The only other "problem" with field hunting is getting the duck poop off the ground blind after each hunt.

Keep the wind at your back!


----------



## Bob Kellam (Apr 8, 2004)

:beer: :beer:

Glad you had a good time!!

Bob


----------



## Madison (Mar 1, 2002)

Good to hear you did good Goldy.. HAving birds act that way in the field/spread was enough to make me move to this state  .

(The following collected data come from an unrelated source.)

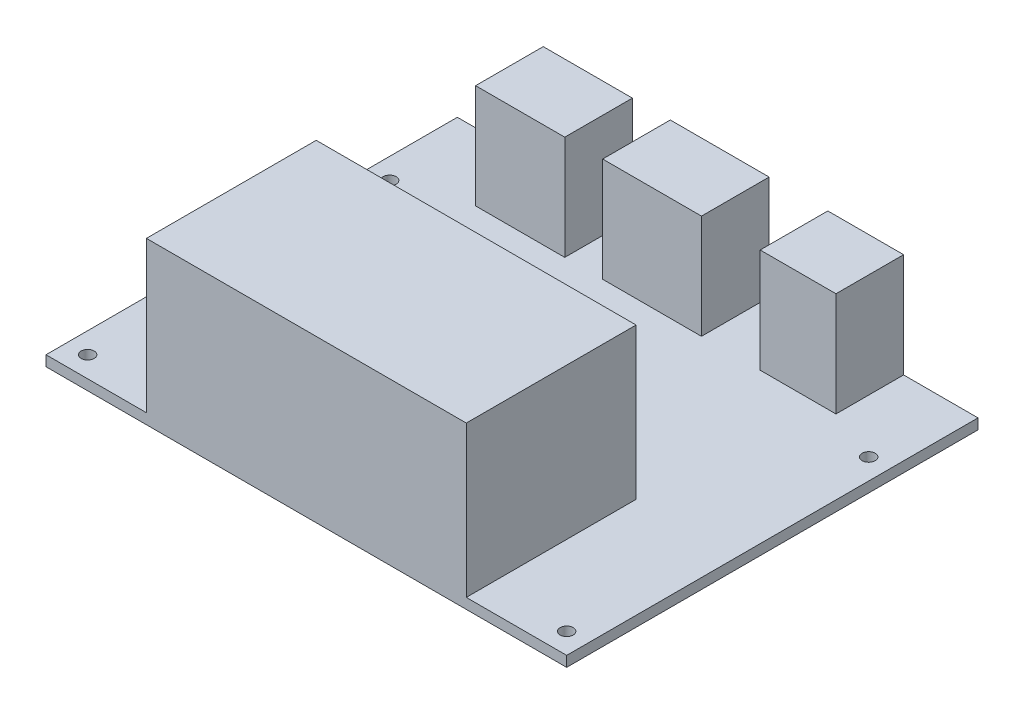
SolidWorks part; units mm, degrees
ref_plane "前视基准面" through (0, 0, 0) normal (0, 0, 1) x (1, 0, 0)
ref_plane "上视基准面" through (0, 0, 0) normal (0, 1, 0) x (1, 0, 0)
ref_plane "右视基准面" through (0, 0, 0) normal (1, 0, 0) x (0, 0, -1)
other "Configuration Table"
sketch "草图1" plane through (0, 0, 0) normal (0, 1, 0) x (1, 0, 0)
  line L1 (-46, 22.5) -> (46, 22.5) construction
  line L2 (-46, 22.5) -> (-46, -35.5) construction
  line L3 (-46, -35.5) -> (46, -35.5) construction
  line L4 (46, 22.5) -> (46, -35.5) construction
  line L5 (-50, -39.5) -> (50, -39.5)
  line L6 (-50, -39.5) -> (-50, 39.5)
  line L7 (-50, 39.5) -> (50, 39.5)
  line L8 (50, -39.5) -> (50, 39.5)
  line L9 (-50, -39.5) -> (50, 39.5) construction
  line L10 (-50, 39.5) -> (50, -39.5) construction
  circle A0 centre (-46, 22.5) radius 1.25
  circle A1 centre (46, 22.5) radius 1.25
  circle A2 centre (46, -35.5) radius 1.25
  circle A3 centre (-46, -35.5) radius 1.25
  point P8 (0, 0)
  point P15 (0, -35.5)
  dimension "D3" = 2.5
  dimension "D1" = 58
  dimension "D2" = 92
  dimension "D4" = 100
  dimension "D5" = 79
  dimension "D6" = 4
extrude "凸台-拉伸1" add sketch "草图1" along normal blind 2
sketch "草图2" plane through (0, 0, 0) normal (0, -1, 0) x (1, 0, 0)
  line L1 (-27.1122, 22.1061) -> (-4.4882, 22.1061)
  line L2 (-27.1122, 22.1061) -> (-27.1122, 8.129)
  line L3 (-27.1122, 8.129) -> (-4.4882, 8.129)
  line L4 (-4.4882, 22.1061) -> (-4.4882, 8.129)
extrude "凸台-拉伸2" add sketch "草图2" along normal blind 3
sketch "草图3" plane through (0, 2, 0) normal (0, 1, 0) x (1, 0, 0)
  line L0 (-50, -39.5) -> (50, -39.5) construction
  line L1 (-30.7186, -39.5) -> (30.7186, -39.5)
  line L2 (-30.7186, -39.5) -> (-30.7186, -6.8858)
  line L3 (-30.7186, -6.8858) -> (30.7186, -6.8858)
  line L4 (30.7186, -39.5) -> (30.7186, -6.8858)
  point P6 (0, -6.8858)
extrude "凸台-拉伸3" add sketch "草图3" along normal blind 29
sketch "草图4" plane through (0, 2, 0) normal (0, 1, 0) x (1, 0, 0)
  line L0 (50, 39.5) -> (-50, 39.5) construction
  line L1 (-33.5015, 39.5) -> (-16.3761, 39.5)
  line L2 (-33.5015, 39.5) -> (-33.5015, 26.5086)
  line L3 (-33.5015, 26.5086) -> (-16.3761, 26.5086)
  line L4 (-16.3761, 39.5) -> (-16.3761, 26.5086)
  line L6 (-9.0978, 39.5) -> (9.8828, 39.5)
  line L7 (-9.0978, 39.5) -> (-9.0978, 26.5086)
  line L8 (-9.0978, 26.5086) -> (9.8828, 26.5086)
  line L9 (9.8828, 39.5) -> (9.8828, 26.5086)
  line L10 (21.157, 39.5) -> (35.7135, 39.5)
  line L11 (21.157, 39.5) -> (21.157, 26.5086)
  line L12 (21.157, 26.5086) -> (35.7135, 26.5086)
  line L13 (35.7135, 39.5) -> (35.7135, 26.5086)
extrude "凸台-拉伸4" add sketch "草图4" along normal blind 20

Not too many Bulldogg fan out here though..


----------



## Goldy's Pal (Jan 6, 2004)

:beer: Well I know 15 to 20 mallards wing flapping in your faces is probably the little flock you'll let set in before opening up on the mother flock :lol: but in my case 15 -20 mallards in my face was 3 to 4 years worth of every weekend hunting back home here. What a sight it was, having that over my mickey mouse spread. Out of the 15 I'd maybe pull on one green head at the end of their look em' over passes. Those little flocks of 4 are sure a lot easier (for me anyway) when it comes to trigger pulling time.

Sunrises with that hot cup weren't to shabby either.
:beer:


----------



## djleye (Nov 14, 2002)

There is nothing, and I mean nothing that comes close to those first few moments when the ducks are flying and thesun is just coming up......It truly is an awesome sight!!!! Congrats Goldy!!!!!


----------